---------- Supplied records ----------

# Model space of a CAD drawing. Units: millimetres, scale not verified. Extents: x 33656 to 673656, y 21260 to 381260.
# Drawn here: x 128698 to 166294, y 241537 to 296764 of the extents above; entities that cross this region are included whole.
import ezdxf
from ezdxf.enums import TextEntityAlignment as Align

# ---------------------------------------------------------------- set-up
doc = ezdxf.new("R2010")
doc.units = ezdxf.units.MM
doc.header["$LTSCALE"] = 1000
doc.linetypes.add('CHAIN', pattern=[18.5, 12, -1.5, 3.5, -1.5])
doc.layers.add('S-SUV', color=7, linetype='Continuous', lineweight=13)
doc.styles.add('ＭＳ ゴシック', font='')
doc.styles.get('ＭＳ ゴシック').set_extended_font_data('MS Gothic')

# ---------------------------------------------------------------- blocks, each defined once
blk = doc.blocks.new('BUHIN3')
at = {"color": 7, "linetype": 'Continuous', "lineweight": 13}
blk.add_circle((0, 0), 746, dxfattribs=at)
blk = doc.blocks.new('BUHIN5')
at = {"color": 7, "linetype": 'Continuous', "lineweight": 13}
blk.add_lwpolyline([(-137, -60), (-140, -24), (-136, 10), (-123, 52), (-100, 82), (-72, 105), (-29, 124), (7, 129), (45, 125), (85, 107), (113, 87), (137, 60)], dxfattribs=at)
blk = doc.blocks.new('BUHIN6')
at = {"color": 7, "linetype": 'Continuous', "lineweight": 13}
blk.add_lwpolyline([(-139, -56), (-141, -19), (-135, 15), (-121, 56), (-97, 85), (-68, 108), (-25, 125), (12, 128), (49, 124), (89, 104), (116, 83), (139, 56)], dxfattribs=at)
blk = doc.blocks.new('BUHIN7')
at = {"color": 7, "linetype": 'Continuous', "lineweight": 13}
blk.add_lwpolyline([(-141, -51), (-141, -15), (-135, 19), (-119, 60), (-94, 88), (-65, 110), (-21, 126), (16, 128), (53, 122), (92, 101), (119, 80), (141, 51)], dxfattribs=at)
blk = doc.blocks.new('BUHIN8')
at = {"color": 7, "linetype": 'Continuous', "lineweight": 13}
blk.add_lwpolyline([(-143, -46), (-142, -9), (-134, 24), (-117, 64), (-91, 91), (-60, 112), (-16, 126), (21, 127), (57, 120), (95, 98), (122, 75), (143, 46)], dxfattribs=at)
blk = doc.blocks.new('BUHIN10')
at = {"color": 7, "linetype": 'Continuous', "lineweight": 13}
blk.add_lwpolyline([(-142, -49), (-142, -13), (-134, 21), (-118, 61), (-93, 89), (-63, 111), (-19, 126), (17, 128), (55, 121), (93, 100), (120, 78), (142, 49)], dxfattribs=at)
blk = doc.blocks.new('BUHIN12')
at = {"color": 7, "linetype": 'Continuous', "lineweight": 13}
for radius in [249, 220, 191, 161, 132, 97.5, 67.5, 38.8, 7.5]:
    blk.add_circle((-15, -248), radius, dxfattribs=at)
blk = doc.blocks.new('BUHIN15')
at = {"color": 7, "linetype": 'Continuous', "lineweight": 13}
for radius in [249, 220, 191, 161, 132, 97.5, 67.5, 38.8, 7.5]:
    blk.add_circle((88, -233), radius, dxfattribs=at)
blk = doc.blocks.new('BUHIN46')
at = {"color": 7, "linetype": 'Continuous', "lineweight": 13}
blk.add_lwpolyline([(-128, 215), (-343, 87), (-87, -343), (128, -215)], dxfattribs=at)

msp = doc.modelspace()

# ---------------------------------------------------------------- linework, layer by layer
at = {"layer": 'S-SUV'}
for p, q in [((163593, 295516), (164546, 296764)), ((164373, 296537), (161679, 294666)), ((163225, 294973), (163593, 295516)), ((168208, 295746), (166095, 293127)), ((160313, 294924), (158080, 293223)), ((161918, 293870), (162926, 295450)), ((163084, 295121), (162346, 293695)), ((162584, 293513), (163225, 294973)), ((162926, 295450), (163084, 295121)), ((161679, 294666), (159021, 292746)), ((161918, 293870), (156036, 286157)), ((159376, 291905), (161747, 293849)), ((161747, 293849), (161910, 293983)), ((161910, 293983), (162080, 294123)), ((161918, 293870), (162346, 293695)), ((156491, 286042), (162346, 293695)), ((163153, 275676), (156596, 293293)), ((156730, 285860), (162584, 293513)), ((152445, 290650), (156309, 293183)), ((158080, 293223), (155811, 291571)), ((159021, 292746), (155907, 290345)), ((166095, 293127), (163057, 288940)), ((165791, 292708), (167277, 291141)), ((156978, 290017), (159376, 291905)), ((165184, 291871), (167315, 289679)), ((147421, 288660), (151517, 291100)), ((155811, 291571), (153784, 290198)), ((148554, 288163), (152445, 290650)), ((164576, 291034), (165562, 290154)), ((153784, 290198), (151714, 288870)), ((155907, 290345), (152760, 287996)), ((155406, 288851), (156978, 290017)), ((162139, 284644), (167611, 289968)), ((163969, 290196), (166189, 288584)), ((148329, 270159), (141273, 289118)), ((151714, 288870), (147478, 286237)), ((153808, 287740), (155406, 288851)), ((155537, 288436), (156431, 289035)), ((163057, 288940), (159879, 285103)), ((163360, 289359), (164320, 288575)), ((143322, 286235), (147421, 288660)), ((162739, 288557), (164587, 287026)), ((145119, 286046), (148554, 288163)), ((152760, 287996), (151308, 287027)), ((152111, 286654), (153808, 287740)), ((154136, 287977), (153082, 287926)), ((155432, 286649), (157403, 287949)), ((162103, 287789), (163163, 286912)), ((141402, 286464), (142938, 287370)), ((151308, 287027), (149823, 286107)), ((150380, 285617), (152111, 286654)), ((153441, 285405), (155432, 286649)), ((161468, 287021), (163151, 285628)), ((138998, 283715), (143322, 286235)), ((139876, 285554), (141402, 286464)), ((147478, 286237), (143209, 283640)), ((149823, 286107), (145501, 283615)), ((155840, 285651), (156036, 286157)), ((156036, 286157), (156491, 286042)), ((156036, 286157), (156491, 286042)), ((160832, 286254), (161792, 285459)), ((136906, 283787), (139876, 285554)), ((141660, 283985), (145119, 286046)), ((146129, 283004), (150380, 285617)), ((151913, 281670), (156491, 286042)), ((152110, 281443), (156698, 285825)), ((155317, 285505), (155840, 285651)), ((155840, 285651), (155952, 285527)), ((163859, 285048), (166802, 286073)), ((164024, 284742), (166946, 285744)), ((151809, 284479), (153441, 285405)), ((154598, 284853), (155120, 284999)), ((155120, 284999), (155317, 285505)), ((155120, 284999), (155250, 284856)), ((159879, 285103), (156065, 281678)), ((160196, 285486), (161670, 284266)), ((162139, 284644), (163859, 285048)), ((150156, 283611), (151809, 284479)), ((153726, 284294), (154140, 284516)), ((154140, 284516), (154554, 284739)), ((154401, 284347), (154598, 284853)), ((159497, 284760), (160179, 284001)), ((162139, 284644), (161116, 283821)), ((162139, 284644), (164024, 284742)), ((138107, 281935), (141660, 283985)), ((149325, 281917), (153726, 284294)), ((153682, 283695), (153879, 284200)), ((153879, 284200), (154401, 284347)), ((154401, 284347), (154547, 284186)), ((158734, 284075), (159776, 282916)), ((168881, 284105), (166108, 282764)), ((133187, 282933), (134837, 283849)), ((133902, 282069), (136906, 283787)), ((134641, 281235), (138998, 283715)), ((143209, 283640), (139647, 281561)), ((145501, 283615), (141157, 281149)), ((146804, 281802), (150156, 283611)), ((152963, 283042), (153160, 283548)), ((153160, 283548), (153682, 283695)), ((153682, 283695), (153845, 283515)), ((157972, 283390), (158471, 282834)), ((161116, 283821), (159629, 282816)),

----------

**Exercise:** Extract the data exactly as given.

**Finished task:**
# Model space of a CAD drawing. Units: millimetres, scale not verified. Extents: x 33656 to 673656, y 21260 to 381260.
# Drawn here: x 128698 to 166294, y 241537 to 296764 of the extents above; entities that cross this region are included whole.
import ezdxf
from ezdxf.enums import TextEntityAlignment as Align

# ---------------------------------------------------------------- set-up
doc = ezdxf.new("R2010")
doc.units = ezdxf.units.MM
doc.header["$LTSCALE"] = 1000
doc.linetypes.add('CHAIN', pattern=[18.5, 12, -1.5, 3.5, -1.5])
doc.layers.add('S-SUV', color=7, linetype='Continuous', lineweight=13)
doc.styles.add('ＭＳ ゴシック', font='')
doc.styles.get('ＭＳ ゴシック').set_extended_font_data('MS Gothic')

# ---------------------------------------------------------------- blocks, each defined once
blk = doc.blocks.new('BUHIN3')
at = {"color": 7, "linetype": 'Continuous', "lineweight": 13}
blk.add_circle((0, 0), 746, dxfattribs=at)
blk = doc.blocks.new('BUHIN5')
at = {"color": 7, "linetype": 'Continuous', "lineweight": 13}
blk.add_lwpolyline([(-137, -60), (-140, -24), (-136, 10), (-123, 52), (-100, 82), (-72, 105), (-29, 124), (7, 129), (45, 125), (85, 107), (113, 87), (137, 60)], dxfattribs=at)
blk = doc.blocks.new('BUHIN6')
at = {"color": 7, "linetype": 'Continuous', "lineweight": 13}
blk.add_lwpolyline([(-139, -56), (-141, -19), (-135, 15), (-121, 56), (-97, 85), (-68, 108), (-25, 125), (12, 128), (49, 124), (89, 104), (116, 83), (139, 56)], dxfattribs=at)
blk = doc.blocks.new('BUHIN7')
at = {"color": 7, "linetype": 'Continuous', "lineweight": 13}
blk.add_lwpolyline([(-141, -51), (-141, -15), (-135, 19), (-119, 60), (-94, 88), (-65, 110), (-21, 126), (16, 128), (53, 122), (92, 101), (119, 80), (141, 51)], dxfattribs=at)
blk = doc.blocks.new('BUHIN8')
at = {"color": 7, "linetype": 'Continuous', "lineweight": 13}
blk.add_lwpolyline([(-143, -46), (-142, -9), (-134, 24), (-117, 64), (-91, 91), (-60, 112), (-16, 126), (21, 127), (57, 120), (95, 98), (122, 75), (143, 46)], dxfattribs=at)
blk = doc.blocks.new('BUHIN10')
at = {"color": 7, "linetype": 'Continuous', "lineweight": 13}
blk.add_lwpolyline([(-142, -49), (-142, -13), (-134, 21), (-118, 61), (-93, 89), (-63, 111), (-19, 126), (17, 128), (55, 121), (93, 100), (120, 78), (142, 49)], dxfattribs=at)
blk = doc.blocks.new('BUHIN12')
at = {"color": 7, "linetype": 'Continuous', "lineweight": 13}
for radius in [249, 220, 191, 161, 132, 97.5, 67.5, 38.8, 7.5]:
    blk.add_circle((-15, -248), radius, dxfattribs=at)
blk = doc.blocks.new('BUHIN15')
at = {"color": 7, "linetype": 'Continuous', "lineweight": 13}
for radius in [249, 220, 191, 161, 132, 97.5, 67.5, 38.8, 7.5]:
    blk.add_circle((88, -233), radius, dxfattribs=at)
blk = doc.blocks.new('BUHIN46')
at = {"color": 7, "linetype": 'Continuous', "lineweight": 13}
blk.add_lwpolyline([(-128, 215), (-343, 87), (-87, -343), (128, -215)], dxfattribs=at)

msp = doc.modelspace()

# ---------------------------------------------------------------- linework, layer by layer
at = {"layer": 'S-SUV'}
for p, q in [((163593, 295516), (164546, 296764)), ((164373, 296537), (161679, 294666)), ((163225, 294973), (163593, 295516)), ((168208, 295746), (166095, 293127)), ((160313, 294924), (158080, 293223)), ((161918, 293870), (162926, 295450)), ((163084, 295121), (162346, 293695)), ((162584, 293513), (163225, 294973)), ((162926, 295450), (163084, 295121)), ((161679, 294666), (159021, 292746)), ((161918, 293870), (156036, 286157)), ((159376, 291905), (161747, 293849)), ((161747, 293849), (161910, 293983)), ((161910, 293983), (162080, 294123)), ((161918, 293870), (162346, 293695)), ((156491, 286042), (162346, 293695)), ((163153, 275676), (156596, 293293)), ((156730, 285860), (162584, 293513)), ((152445, 290650), (156309, 293183)), ((158080, 293223), (155811, 291571)), ((159021, 292746), (155907, 290345)), ((166095, 293127), (163057, 288940)), ((165791, 292708), (167277, 291141)), ((156978, 290017), (159376, 291905)), ((165184, 291871), (167315, 289679)), ((147421, 288660), (151517, 291100)), ((155811, 291571), (153784, 290198)), ((148554, 288163), (152445, 290650)), ((164576, 291034), (165562, 290154)), ((153784, 290198), (151714, 288870)), ((155907, 290345), (152760, 287996)), ((155406, 288851), (156978, 290017)), ((162139, 284644), (167611, 289968)), ((163969, 290196), (166189, 288584)), ((148329, 270159), (141273, 289118)), ((151714, 288870), (147478, 286237)), ((153808, 287740), (155406, 288851)), ((155537, 288436), (156431, 289035)), ((163057, 288940), (159879, 285103)), ((163360, 289359), (164320, 288575)), ((143322, 286235), (147421, 288660)), ((162739, 288557), (164587, 287026)), ((145119, 286046), (148554, 288163)), ((152760, 287996), (151308, 287027)), ((152111, 286654), (153808, 287740)), ((154136, 287977), (153082, 287926)), ((155432, 286649), (157403, 287949)), ((162103, 287789), (163163, 286912)), ((141402, 286464), (142938, 287370)), ((151308, 287027), (149823, 286107)), ((150380, 285617), (152111, 286654)), ((153441, 285405), (155432, 286649)), ((161468, 287021), (163151, 285628)), ((138998, 283715), (143322, 286235)), ((139876, 285554), (141402, 286464)), ((147478, 286237), (143209, 283640)), ((149823, 286107), (145501, 283615)), ((155840, 285651), (156036, 286157)), ((156036, 286157), (156491, 286042)), ((156036, 286157), (156491, 286042)), ((160832, 286254), (161792, 285459)), ((136906, 283787), (139876, 285554)), ((141660, 283985), (145119, 286046)), ((146129, 283004), (150380, 285617)), ((151913, 281670), (156491, 286042)), ((152110, 281443), (156698, 285825)), ((155317, 285505), (155840, 285651)), ((155840, 285651), (155952, 285527)), ((163859, 285048), (166802, 286073)), ((164024, 284742), (166946, 285744)), ((151809, 284479), (153441, 285405)), ((154598, 284853), (155120, 284999)), ((155120, 284999), (155317, 285505)), ((155120, 284999), (155250, 284856)), ((159879, 285103), (156065, 281678)), ((160196, 285486), (161670, 284266)), ((162139, 284644), (163859, 285048)), ((150156, 283611), (151809, 284479)), ((153726, 284294), (154140, 284516)), ((154140, 284516), (154554, 284739)), ((154401, 284347), (154598, 284853)), ((159497, 284760), (160179, 284001)), ((162139, 284644), (161116, 283821)), ((162139, 284644), (164024, 284742)), ((138107, 281935), (141660, 283985)), ((149325, 281917), (153726, 284294)), ((153682, 283695), (153879, 284200)), ((153879, 284200), (154401, 284347)), ((154401, 284347), (154547, 284186)), ((158734, 284075), (159776, 282916)), ((168881, 284105), (166108, 282764)), ((133187, 282933), (134837, 283849)), ((133902, 282069), (136906, 283787)), ((134641, 281235), (138998, 283715)), ((143209, 283640), (139647, 281561)), ((145501, 283615), (141157, 281149)), ((146804, 281802), (150156, 283611)), ((152963, 283042), (153160, 283548)), ((153160, 283548), (153682, 283695)), ((153682, 283695), (153845, 283515)), ((157972, 283390), (158471, 282834)), ((161116, 283821), (159629, 282816)),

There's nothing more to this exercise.